- Interactive map of Californios

Restaurant information
- Established: January 2015; 11 years ago
- Owners: Val M. Cantu; Carolyn Cantu; Charlotte Randolph;
- Head chef: Val M. Cantu
- Food type: Mexican and northern California
- Rating: (2026) (2017–2025) (2015–2017)
- Location: 355 11th Street, SoMa (2021–present) 3115 22nd Street, Mission District (2015–2020), San Francisco, San Francisco, California, 94103 (2021–present) 94110 (2015–2020), United States
- Coordinates: 37°46′17″N 122°24′47″W﻿ / ﻿37.77141°N 122.41296°W
- Seating capacity: ≤50 (2021–present) 24 (2015–2021)

= Californios (restaurant) =

Michelin-starred Mexican restaurant in San Francisco, California

Californios is a Michelin-starred restaurant in San Francisco, California, serving Mexican cuisine. Its head chef is Val M. Cantú, one of the restaurant's co-owners. Californios earned its first Michelin star in 2015 and its second in 2017, becoming the first US restaurant serving Mexican cuisine to earn two Michelin stars. In 2026 it was awarded a third star, becoming the first Mexican restaurant in the world with three Michelin stars. Its original Mission District location closed in 2020. The restaurant relocated to the South of Market (SoMa) neighborhood in early 2021.

==History==
Val M. Cantu ran a series of Mexican pop-up restaurants called Californios for two years. He then opened the permanent location using the same name in the Mission District in January 2015. Californios's seating capacity was eighteen in the dining room and six at the chef's counter. The interior design was dark, and windows were tinted.

Amid the COVID-19 pandemic, Californios's original location closed in 2020. The restaurant in early 2021 was relocated to the South of Market (SoMa) neighborhood.

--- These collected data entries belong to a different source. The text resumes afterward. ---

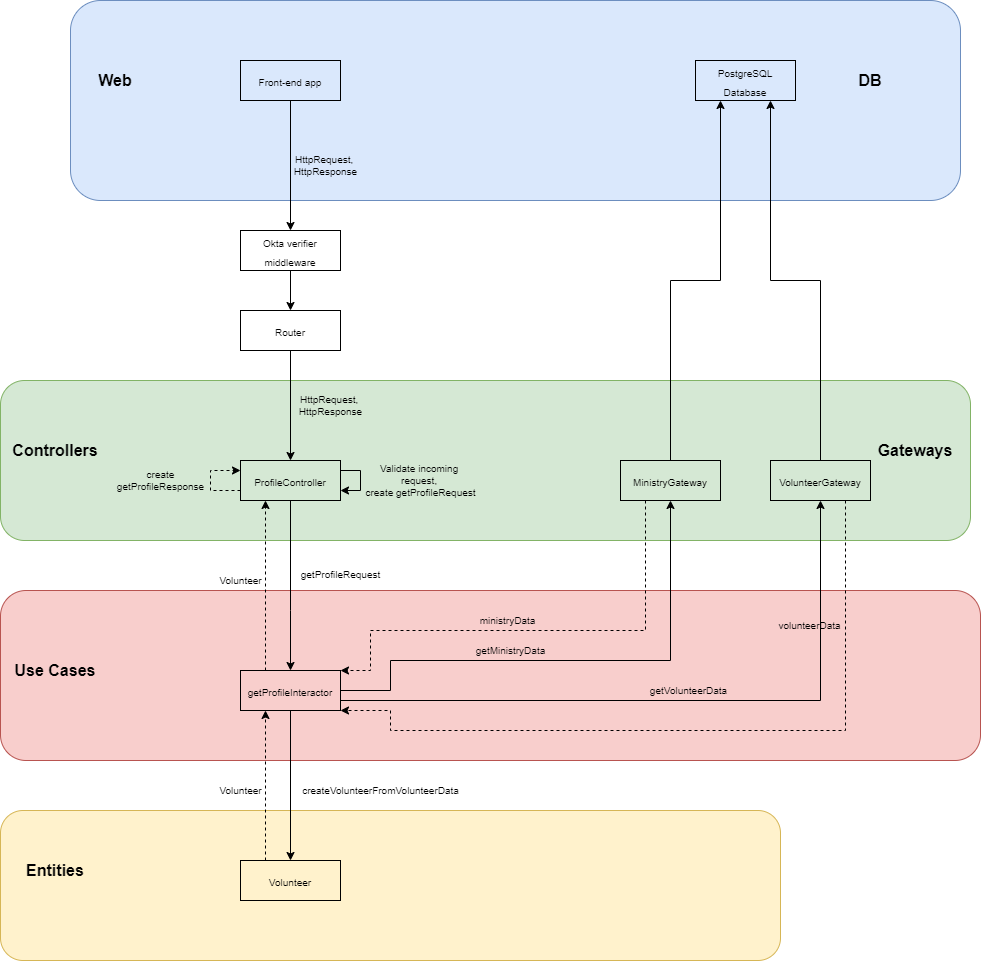

The diagram above was exported from draw.io. Its source (the exported page's mxGraphModel, read from the mxfile embedded in the PNG):
<mxGraphModel dx="1662" dy="713" grid="1" gridSize="10" guides="1" tooltips="1" connect="1" arrows="1" fold="1" page="1" pageScale="1" pageWidth="850" pageHeight="1100" math="0" shadow="0">
  <root>
    <mxCell id="o7SCKyxt_qAOdw6u0J7Y-0" />
    <mxCell id="o7SCKyxt_qAOdw6u0J7Y-1" parent="o7SCKyxt_qAOdw6u0J7Y-0" />
    <mxCell id="o7SCKyxt_qAOdw6u0J7Y-2" value="" style="rounded=1;whiteSpace=wrap;html=1;labelBackgroundColor=none;fillColor=#fff2cc;strokeColor=#d6b656;verticalAlign=top;" vertex="1" parent="o7SCKyxt_qAOdw6u0J7Y-1">
      <mxGeometry x="10" y="1130" width="780" height="150" as="geometry" />
    </mxCell>
    <mxCell id="o7SCKyxt_qAOdw6u0J7Y-3" value="" style="rounded=1;whiteSpace=wrap;html=1;labelBackgroundColor=none;fillColor=#dae8fc;strokeColor=#6c8ebf;verticalAlign=top;" vertex="1" parent="o7SCKyxt_qAOdw6u0J7Y-1">
      <mxGeometry x="80" y="320" width="890" height="200" as="geometry" />
    </mxCell>
    <mxCell id="o7SCKyxt_qAOdw6u0J7Y-4" value="" style="rounded=1;whiteSpace=wrap;html=1;labelBackgroundColor=none;fillColor=#d5e8d4;strokeColor=#82b366;verticalAlign=top;fontStyle=1;fontSize=14;" vertex="1" parent="o7SCKyxt_qAOdw6u0J7Y-1">
      <mxGeometry x="10" y="700" width="970" height="160" as="geometry" />
    </mxCell>
    <mxCell id="o7SCKyxt_qAOdw6u0J7Y-5" value="" style="rounded=1;whiteSpace=wrap;html=1;labelBackgroundColor=none;fillColor=#f8cecc;strokeColor=#b85450;verticalAlign=top;" vertex="1" parent="o7SCKyxt_qAOdw6u0J7Y-1">
      <mxGeometry x="10" y="910" width="980" height="170" as="geometry" />
    </mxCell>
    <mxCell id="o7SCKyxt_qAOdw6u0J7Y-6" value="Web" style="text;html=1;strokeColor=none;fillColor=none;align=center;verticalAlign=middle;whiteSpace=wrap;rounded=0;labelBackgroundColor=none;fontSize=16;fontStyle=1" vertex="1" parent="o7SCKyxt_qAOdw6u0J7Y-1">
      <mxGeometry x="80" y="390" width="90" height="20" as="geometry" />
    </mxCell>
    <mxCell id="o7SCKyxt_qAOdw6u0J7Y-7" value="DB" style="text;html=1;strokeColor=none;fillColor=none;align=center;verticalAlign=middle;whiteSpace=wrap;rounded=0;labelBackgroundColor=none;fontSize=16;fontStyle=1" vertex="1" parent="o7SCKyxt_qAOdw6u0J7Y-1">
      <mxGeometry x="850" y="390" width="60" height="20" as="geometry" />
    </mxCell>
    <mxCell id="o7SCKyxt_qAOdw6u0J7Y-8" value="Controllers&lt;span style=&quot;font-family: monospace ; font-size: 0px ; font-weight: 400&quot;&gt;%3CmxGraphModel%3E%3Croot%3E%3CmxCell%20id%3D%220%22%2F%3E%3CmxCell%20id%3D%221%22%20parent%3D%220%22%2F%3E%3CmxCell%20id%3D%222%22%20value%3D%22DB%22%20style%3D%22text%3Bhtml%3D1%3BstrokeColor%3Dnone%3BfillColor%3Dnone%3Balign%3Dcenter%3BverticalAlign%3Dmiddle%3BwhiteSpace%3Dwrap%3Brounded%3D0%3BlabelBackgroundColor%3Dnone%3BfontSize%3D16%3BfontStyle%3D1%22%20vertex%3D%221%22%20parent%3D%221%22%3E%3CmxGeometry%20x%3D%22580%22%20y%3D%22330%22%20width%3D%22150%22%20height%3D%2220%22%20as%3D%22geometry%22%2F%3E%3C%2FmxCell%3E%3C%2Froot%3E%3C%2FmxGraphModel%3E&lt;/span&gt;" style="text;html=1;strokeColor=none;fillColor=none;align=center;verticalAlign=middle;whiteSpace=wrap;rounded=0;labelBackgroundColor=none;fontSize=16;fontStyle=1" vertex="1" parent="o7SCKyxt_qAOdw6u0J7Y-1">
      <mxGeometry x="20" y="760" width="90" height="20" as="geometry" />
    </mxCell>
    <mxCell id="o7SCKyxt_qAOdw6u0J7Y-9" value="Gateways" style="text;html=1;strokeColor=none;fillColor=none;align=center;verticalAlign=middle;whiteSpace=wrap;rounded=0;labelBackgroundColor=none;fontSize=16;fontStyle=1" vertex="1" parent="o7SCKyxt_qAOdw6u0J7Y-1">
      <mxGeometry x="850" y="760" width="150" height="20" as="geometry" />
    </mxCell>
    <mxCell id="o7SCKyxt_qAOdw6u0J7Y-10" value="HttpRequest, &lt;br style=&quot;font-size: 10px;&quot;&gt;HttpResponse" style="edgeStyle=orthogonalEdgeStyle;rounded=0;orthogonalLoop=1;jettySize=auto;html=1;entryX=0.5;entryY=0;entryDx=0;entryDy=0;fontSize=10;labelBackgroundColor=none;" edge="1" parent="o7SCKyxt_qAOdw6u0J7Y-1" source="o7SCKyxt_qAOdw6u0J7Y-11" target="o7SCKyxt_qAOdw6u0J7Y-13">
      <mxGeometry y="35" relative="1" as="geometry">
        <mxPoint as="offset" />
      </mxGeometry>
    </mxCell>
    <mxCell id="o7SCKyxt_qAOdw6u0J7Y-11" value="&lt;font size=&quot;1&quot;&gt;Front-end app&lt;/font&gt;" style="rounded=0;whiteSpace=wrap;html=1;labelBackgroundColor=none;fontSize=16;fillColor=none;" vertex="1" parent="o7SCKyxt_qAOdw6u0J7Y-1">
      <mxGeometry x="250" y="380" width="100" height="40" as="geometry" />
    </mxCell>
    <mxCell id="o7SCKyxt_qAOdw6u0J7Y-12" style="edgeStyle=orthogonalEdgeStyle;rounded=0;orthogonalLoop=1;jettySize=auto;html=1;fontSize=16;" edge="1" parent="o7SCKyxt_qAOdw6u0J7Y-1" source="o7SCKyxt_qAOdw6u0J7Y-13" target="o7SCKyxt_qAOdw6u0J7Y-17">
      <mxGeometry relative="1" as="geometry" />
    </mxCell>
    <mxCell id="o7SCKyxt_qAOdw6u0J7Y-13" value="&lt;font size=&quot;1&quot;&gt;Okta verifier middleware&lt;/font&gt;" style="rounded=0;whiteSpace=wrap;html=1;labelBackgroundColor=none;fontSize=16;fillColor=none;" vertex="1" parent="o7SCKyxt_qAOdw6u0J7Y-1">
      <mxGeometry x="250" y="550" width="100" height="40" as="geometry" />
    </mxCell>
    <mxCell id="o7SCKyxt_qAOdw6u0J7Y-14" value="getProfileRequest" style="edgeStyle=orthogonalEdgeStyle;rounded=0;orthogonalLoop=1;jettySize=auto;html=1;exitX=0.5;exitY=1;exitDx=0;exitDy=0;entryX=0.5;entryY=0;entryDx=0;entryDy=0;labelBackgroundColor=none;fontSize=10;" edge="1" parent="o7SCKyxt_qAOdw6u0J7Y-1" source="o7SCKyxt_qAOdw6u0J7Y-15" target="o7SCKyxt_qAOdw6u0J7Y-22">
      <mxGeometry x="-0.1248" y="50" relative="1" as="geometry">
        <Array as="points">
          <mxPoint x="300" y="930" />
          <mxPoint x="300" y="930" />
        </Array>
        <mxPoint as="offset" />
      </mxGeometry>
    </mxCell>
    <mxCell id="o7SCKyxt_qAOdw6u0J7Y-15" value="&lt;font size=&quot;1&quot;&gt;ProfileController&lt;/font&gt;" style="rounded=0;whiteSpace=wrap;html=1;labelBackgroundColor=none;fontSize=16;fillColor=none;" vertex="1" parent="o7SCKyxt_qAOdw6u0J7Y-1">
      <mxGeometry x="250" y="780" width="100" height="40" as="geometry" />
    </mxCell>
    <mxCell id="o7SCKyxt_qAOdw6u0J7Y-16" value="HttpRequest, &lt;br&gt;HttpResponse" style="edgeStyle=orthogonalEdgeStyle;rounded=0;orthogonalLoop=1;jettySize=auto;html=1;exitX=0.5;exitY=1;exitDx=0;exitDy=0;entryX=0.5;entryY=0;entryDx=0;entryDy=0;labelBackgroundColor=none;fontSize=10;" edge="1" parent="o7SCKyxt_qAOdw6u0J7Y-1" source="o7SCKyxt_qAOdw6u0J7Y-17" target="o7SCKyxt_qAOdw6u0J7Y-15">
      <mxGeometry y="40" relative="1" as="geometry">
        <mxPoint as="offset" />
      </mxGeometry>
    </mxCell>
    <mxCell id="o7SCKyxt_qAOdw6u0J7Y-17" value="&lt;font size=&quot;1&quot;&gt;Router&lt;/font&gt;" style="rounded=0;whiteSpace=wrap;html=1;labelBackgroundColor=none;fontSize=16;fillColor=none;" vertex="1" parent="o7SCKyxt_qAOdw6u0J7Y-1">
      <mxGeometry x="250" y="630" width="100" height="40" as="geometry" />
    </mxCell>
    <mxCell id="o7SCKyxt_qAOdw6u0J7Y-18" value="getMinistryData" style="edgeStyle=orthogonalEdgeStyle;rounded=0;orthogonalLoop=1;jettySize=auto;html=1;exitX=1;exitY=0.5;exitDx=0;exitDy=0;entryX=0.5;entryY=1;entryDx=0;entryDy=0;labelBackgroundColor=none;fontSize=10;" edge="1" parent="o7SCKyxt_qAOdw6u0J7Y-1" source="o7SCKyxt_qAOdw6u0J7Y-22" target="o7SCKyxt_qAOdw6u0J7Y-26">
      <mxGeometry x="-0.2309" y="10" relative="1" as="geometry">
        <Array as="points">
          <mxPoint x="400" y="1010" />
          <mxPoint x="400" y="980" />
          <mxPoint x="680" y="980" />
        </Array>
        <mxPoint as="offset" />
      </mxGeometry>
    </mxCell>
    <mxCell id="o7SCKyxt_qAOdw6u0J7Y-19" value="getVolunteerData" style="edgeStyle=orthogonalEdgeStyle;rounded=0;orthogonalLoop=1;jettySize=auto;html=1;exitX=1;exitY=0.5;exitDx=0;exitDy=0;entryX=0.5;entryY=1;entryDx=0;entryDy=0;labelBackgroundColor=none;fontSize=10;" edge="1" parent="o7SCKyxt_qAOdw6u0J7Y-1" source="o7SCKyxt_qAOdw6u0J7Y-22" target="o7SCKyxt_qAOdw6u0J7Y-29">
      <mxGeometry x="0.0369" y="10" relative="1" as="geometry">
        <Array as="points">
          <mxPoint x="350" y="1020" />
          <mxPoint x="830" y="1020" />
        </Array>
        <mxPoint as="offset" />
      </mxGeometry>
    </mxCell>
    <mxCell id="o7SCKyxt_qAOdw6u0J7Y-20" value="createVolunteerFromVolunteerData" style="edgeStyle=orthogonalEdgeStyle;rounded=0;orthogonalLoop=1;jettySize=auto;html=1;exitX=0.5;exitY=1;exitDx=0;exitDy=0;entryX=0.5;entryY=0;entryDx=0;entryDy=0;labelBackgroundColor=none;fontSize=10;" edge="1" parent="o7SCKyxt_qAOdw6u0J7Y-1" source="o7SCKyxt_qAOdw6u0J7Y-22" target="o7SCKyxt_qAOdw6u0J7Y-34">
      <mxGeometry x="0.0667" y="90" relative="1" as="geometry">
        <mxPoint as="offset" />
      </mxGeometry>
    </mxCell>
    <mxCell id="o7SCKyxt_qAOdw6u0J7Y-21" value="Volunteer" style="edgeStyle=orthogonalEdgeStyle;rounded=0;orthogonalLoop=1;jettySize=auto;html=1;exitX=0.25;exitY=0;exitDx=0;exitDy=0;entryX=0.25;entryY=1;entryDx=0;entryDy=0;dashed=1;labelBackgroundColor=none;fontSize=10;" edge="1" parent="o7SCKyxt_qAOdw6u0J7Y-1" source="o7SCKyxt_qAOdw6u0J7Y-22" target="o7SCKyxt_qAOdw6u0J7Y-15">
      <mxGeometry x="0.0588" y="25" relative="1" as="geometry">
        <mxPoint as="offset" />
      </mxGeometry>
    </mxCell>
    <mxCell id="o7SCKyxt_qAOdw6u0J7Y-22" value="&lt;font size=&quot;1&quot;&gt;getProfileInteractor&lt;/font&gt;" style="rounded=0;whiteSpace=wrap;html=1;labelBackgroundColor=none;fontSize=16;fillColor=none;" vertex="1" parent="o7SCKyxt_qAOdw6u0J7Y-1">
      <mxGeometry x="250" y="990" width="100" height="40" as="geometry" />
    </mxCell>
    <mxCell id="o7SCKyxt_qAOdw6u0J7Y-23" value="Validate incoming &lt;br&gt;request, &lt;br&gt;create getProfileRequest" style="edgeStyle=orthogonalEdgeStyle;rounded=0;orthogonalLoop=1;jettySize=auto;html=1;exitX=1;exitY=0.25;exitDx=0;exitDy=0;labelBackgroundColor=none;fontSize=10;entryX=1;entryY=0.75;entryDx=0;entryDy=0;" edge="1" parent="o7SCKyxt_qAOdw6u0J7Y-1" source="o7SCKyxt_qAOdw6u0J7Y-15" target="o7SCKyxt_qAOdw6u0J7Y-15">
      <mxGeometry x="-0.333" y="-61" relative="1" as="geometry">
        <Array as="points">
          <mxPoint x="370" y="790" />
          <mxPoint x="370" y="810" />
        </Array>
        <mxPoint x="121" y="10" as="offset" />
      </mxGeometry>
    </mxCell>
    <mxCell id="o7SCKyxt_qAOdw6u0J7Y-24" style="edgeStyle=orthogonalEdgeStyle;rounded=0;orthogonalLoop=1;jettySize=auto;html=1;exitX=0.5;exitY=0;exitDx=0;exitDy=0;entryX=0.25;entryY=1;entryDx=0;entryDy=0;labelBackgroundColor=none;fontSize=10;" edge="1" parent="o7SCKyxt_qAOdw6u0J7Y-1" source="o7SCKyxt_qAOdw6u0J7Y-26" target="o7SCKyxt_qAOdw6u0J7Y-30">
      <mxGeometry relative="1" as="geometry" />
    </mxCell>
    <mxCell id="o7SCKyxt_qAOdw6u0J7Y-25" value="ministryData" style="edgeStyle=orthogonalEdgeStyle;rounded=0;orthogonalLoop=1;jettySize=auto;html=1;exitX=0.25;exitY=1;exitDx=0;exitDy=0;entryX=1;entryY=0;entryDx=0;entryDy=0;dashed=1;labelBackgroundColor=none;fontSize=10;" edge="1" parent="o7SCKyxt_qAOdw6u0J7Y-1" source="o7SCKyxt_qAOdw6u0J7Y-26" target="o7SCKyxt_qAOdw6u0J7Y-22">
      <mxGeometry x="0.1304" y="-10" relative="1" as="geometry">
        <Array as="points">
          <mxPoint x="655" y="950" />
          <mxPoint x="380" y="950" />
          <mxPoint x="380" y="990" />
        </Array>
        <mxPoint as="offset" />
      </mxGeometry>
    </mxCell>
    <mxCell id="o7SCKyxt_qAOdw6u0J7Y-26" value="&lt;font size=&quot;1&quot;&gt;MinistryGateway&lt;/font&gt;" style="rounded=0;whiteSpace=wrap;html=1;labelBackgroundColor=none;fontSize=16;fillColor=none;" vertex="1" parent="o7SCKyxt_qAOdw6u0J7Y-1">
      <mxGeometry x="630" y="780" width="100" height="40" as="geometry" />
    </mxCell>
    <mxCell id="o7SCKyxt_qAOdw6u0J7Y-27" style="edgeStyle=orthogonalEdgeStyle;rounded=0;orthogonalLoop=1;jettySize=auto;html=1;exitX=0.5;exitY=0;exitDx=0;exitDy=0;entryX=0.75;entryY=1;entryDx=0;entryDy=0;labelBackgroundColor=none;fontSize=10;" edge="1" parent="o7SCKyxt_qAOdw6u0J7Y-1" source="o7SCKyxt_qAOdw6u0J7Y-29" target="o7SCKyxt_qAOdw6u0J7Y-30">
      <mxGeometry relative="1" as="geometry" />
    </mxCell>
    <mxCell id="o7SCKyxt_qAOdw6u0J7Y-28" value="volunteerData" style="edgeStyle=orthogonalEdgeStyle;rounded=0;orthogonalLoop=1;jettySize=auto;html=1;exitX=0.75;exitY=1;exitDx=0;exitDy=0;entryX=1;entryY=1;entryDx=0;entryDy=0;labelBackgroundColor=none;fontSize=10;dashed=1;" edge="1" parent="o7SCKyxt_qAOdw6u0J7Y-1" source="o7SCKyxt_qAOdw6u0J7Y-29" target="o7SCKyxt_qAOdw6u0J7Y-22">
      <mxGeometry x="-0.296" y="-105" relative="1" as="geometry">
        <Array as="points">
          <mxPoint x="855" y="1050" />
          <mxPoint x="400" y="1050" />
          <mxPoint x="400" y="1030" />
        </Array>
        <mxPoint as="offset" />
      </mxGeometry>
    </mxCell>
    <mxCell id="o7SCKyxt_qAOdw6u0J7Y-29" value="&lt;font size=&quot;1&quot;&gt;VolunteerGateway&lt;/font&gt;" style="rounded=0;whiteSpace=wrap;html=1;labelBackgroundColor=none;fontSize=16;fillColor=none;" vertex="1" parent="o7SCKyxt_qAOdw6u0J7Y-1">
      <mxGeometry x="780" y="780" width="100" height="40" as="geometry" />
    </mxCell>
    <mxCell id="o7SCKyxt_qAOdw6u0J7Y-30" value="&lt;font size=&quot;1&quot;&gt;PostgreSQL Database&lt;/font&gt;" style="rounded=0;whiteSpace=wrap;html=1;labelBackgroundColor=none;fontSize=16;fillColor=none;" vertex="1" parent="o7SCKyxt_qAOdw6u0J7Y-1">
      <mxGeometry x="705" y="380" width="100" height="40" as="geometry" />
    </mxCell>
    <mxCell id="o7SCKyxt_qAOdw6u0J7Y-31" value="Use Cases" style="text;html=1;strokeColor=none;fillColor=none;align=center;verticalAlign=middle;whiteSpace=wrap;rounded=0;labelBackgroundColor=none;fontSize=16;fontStyle=1" vertex="1" parent="o7SCKyxt_qAOdw6u0J7Y-1">
      <mxGeometry x="20" y="980" width="90" height="20" as="geometry" />
    </mxCell>
    <mxCell id="o7SCKyxt_qAOdw6u0J7Y-32" value="Entities" style="text;html=1;strokeColor=none;fillColor=none;align=center;verticalAlign=middle;whiteSpace=wrap;rounded=0;labelBackgroundColor=none;fontSize=16;fontStyle=1" vertex="1" parent="o7SCKyxt_qAOdw6u0J7Y-1">
      <mxGeometry x="20" y="1180" width="90" height="20" as="geometry" />
    </mxCell>
    <mxCell id="o7SCKyxt_qAOdw6u0J7Y-33" value="Volunteer" style="edgeStyle=orthogonalEdgeStyle;rounded=0;orthogonalLoop=1;jettySize=auto;html=1;exitX=0.25;exitY=0;exitDx=0;exitDy=0;entryX=0.25;entryY=1;entryDx=0;entryDy=0;dashed=1;labelBackgroundColor=none;fontSize=10;" edge="1" parent="o7SCKyxt_qAOdw6u0J7Y-1" source="o7SCKyxt_qAOdw6u0J7Y-34" target="o7SCKyxt_qAOdw6u0J7Y-22">
      <mxGeometry x="-0.0667" y="25" relative="1" as="geometry">
        <mxPoint as="offset" />
      </mxGeometry>
    </mxCell>
    <mxCell id="o7SCKyxt_qAOdw6u0J7Y-34" value="&lt;font size=&quot;1&quot;&gt;Volunteer&lt;/font&gt;" style="rounded=0;whiteSpace=wrap;html=1;labelBackgroundColor=none;fontSize=16;fillColor=none;" vertex="1" parent="o7SCKyxt_qAOdw6u0J7Y-1">
      <mxGeometry x="250" y="1180" width="100" height="40" as="geometry" />
    </mxCell>
    <mxCell id="o7SCKyxt_qAOdw6u0J7Y-35" value="create&lt;br&gt;getProfileResponse" style="edgeStyle=orthogonalEdgeStyle;rounded=0;orthogonalLoop=1;jettySize=auto;html=1;exitX=0;exitY=0.75;exitDx=0;exitDy=0;entryX=0;entryY=0.25;entryDx=0;entryDy=0;dashed=1;labelBackgroundColor=none;fontSize=10;" edge="1" parent="o7SCKyxt_qAOdw6u0J7Y-1" source="o7SCKyxt_qAOdw6u0J7Y-15" target="o7SCKyxt_qAOdw6u0J7Y-15">
      <mxGeometry x="0.2502" y="-51" relative="1" as="geometry">
        <Array as="points">
          <mxPoint x="220" y="810" />
          <mxPoint x="220" y="790" />
        </Array>
        <mxPoint x="-50" y="-41" as="offset" />
      </mxGeometry>
    </mxCell>
  </root>
</mxGraphModel>

The restaurant's capacity was doubled to about fifty seats later that year. The SoMa location's size is 4959 sqft, including an 1742 sqft outdoor patio.

==Menu==
Cantu's family ran a Mexican restaurant in Brownwood, Texas, where he was raised. His recipes have blended Mexican and northern Californian cuisines and have been inspired by his "Nani" Rosa. The menu is prix fixe and changes in response to seasonal availability of ingredients.

==Reception==
Californios received its first Michelin star in October 2015 and its second in October 2017, becoming the first Mexican restaurant in the US to earn two Michelin stars. Until June 2026, it had remained the only two-Michelin-starred Mexican restaurant in the US. On June 24, 2026, the restaurant earned its third star, making it the first ever Mexican restaurant in the world with three Michelin stars.

==Chef and restaurateur==
Val M. Cantu graduated in 2006 from the University of Texas at Austin, where he studied business and English literature. Cantu began his hospitality career by working for a Japanese restaurant Uchi in Austin, Texas, and worked for other restaurants, such as a Mexican restaurant Pujol in Mexico City and a California-inspired restaurant Sons & Daughters as a sous chef in San Francisco. While working for Uchi, he attended Austin Community College.

Cantu, his wife Carolyn, and his sister-in-law Charlotte Randolph, beverage director of Californios and former employee of another restaurant The French Laundry, have co-owned the restaurant throughout its run in old and new locations.

Food & Wine magazine named him one of "Best New Chefs" of 2017.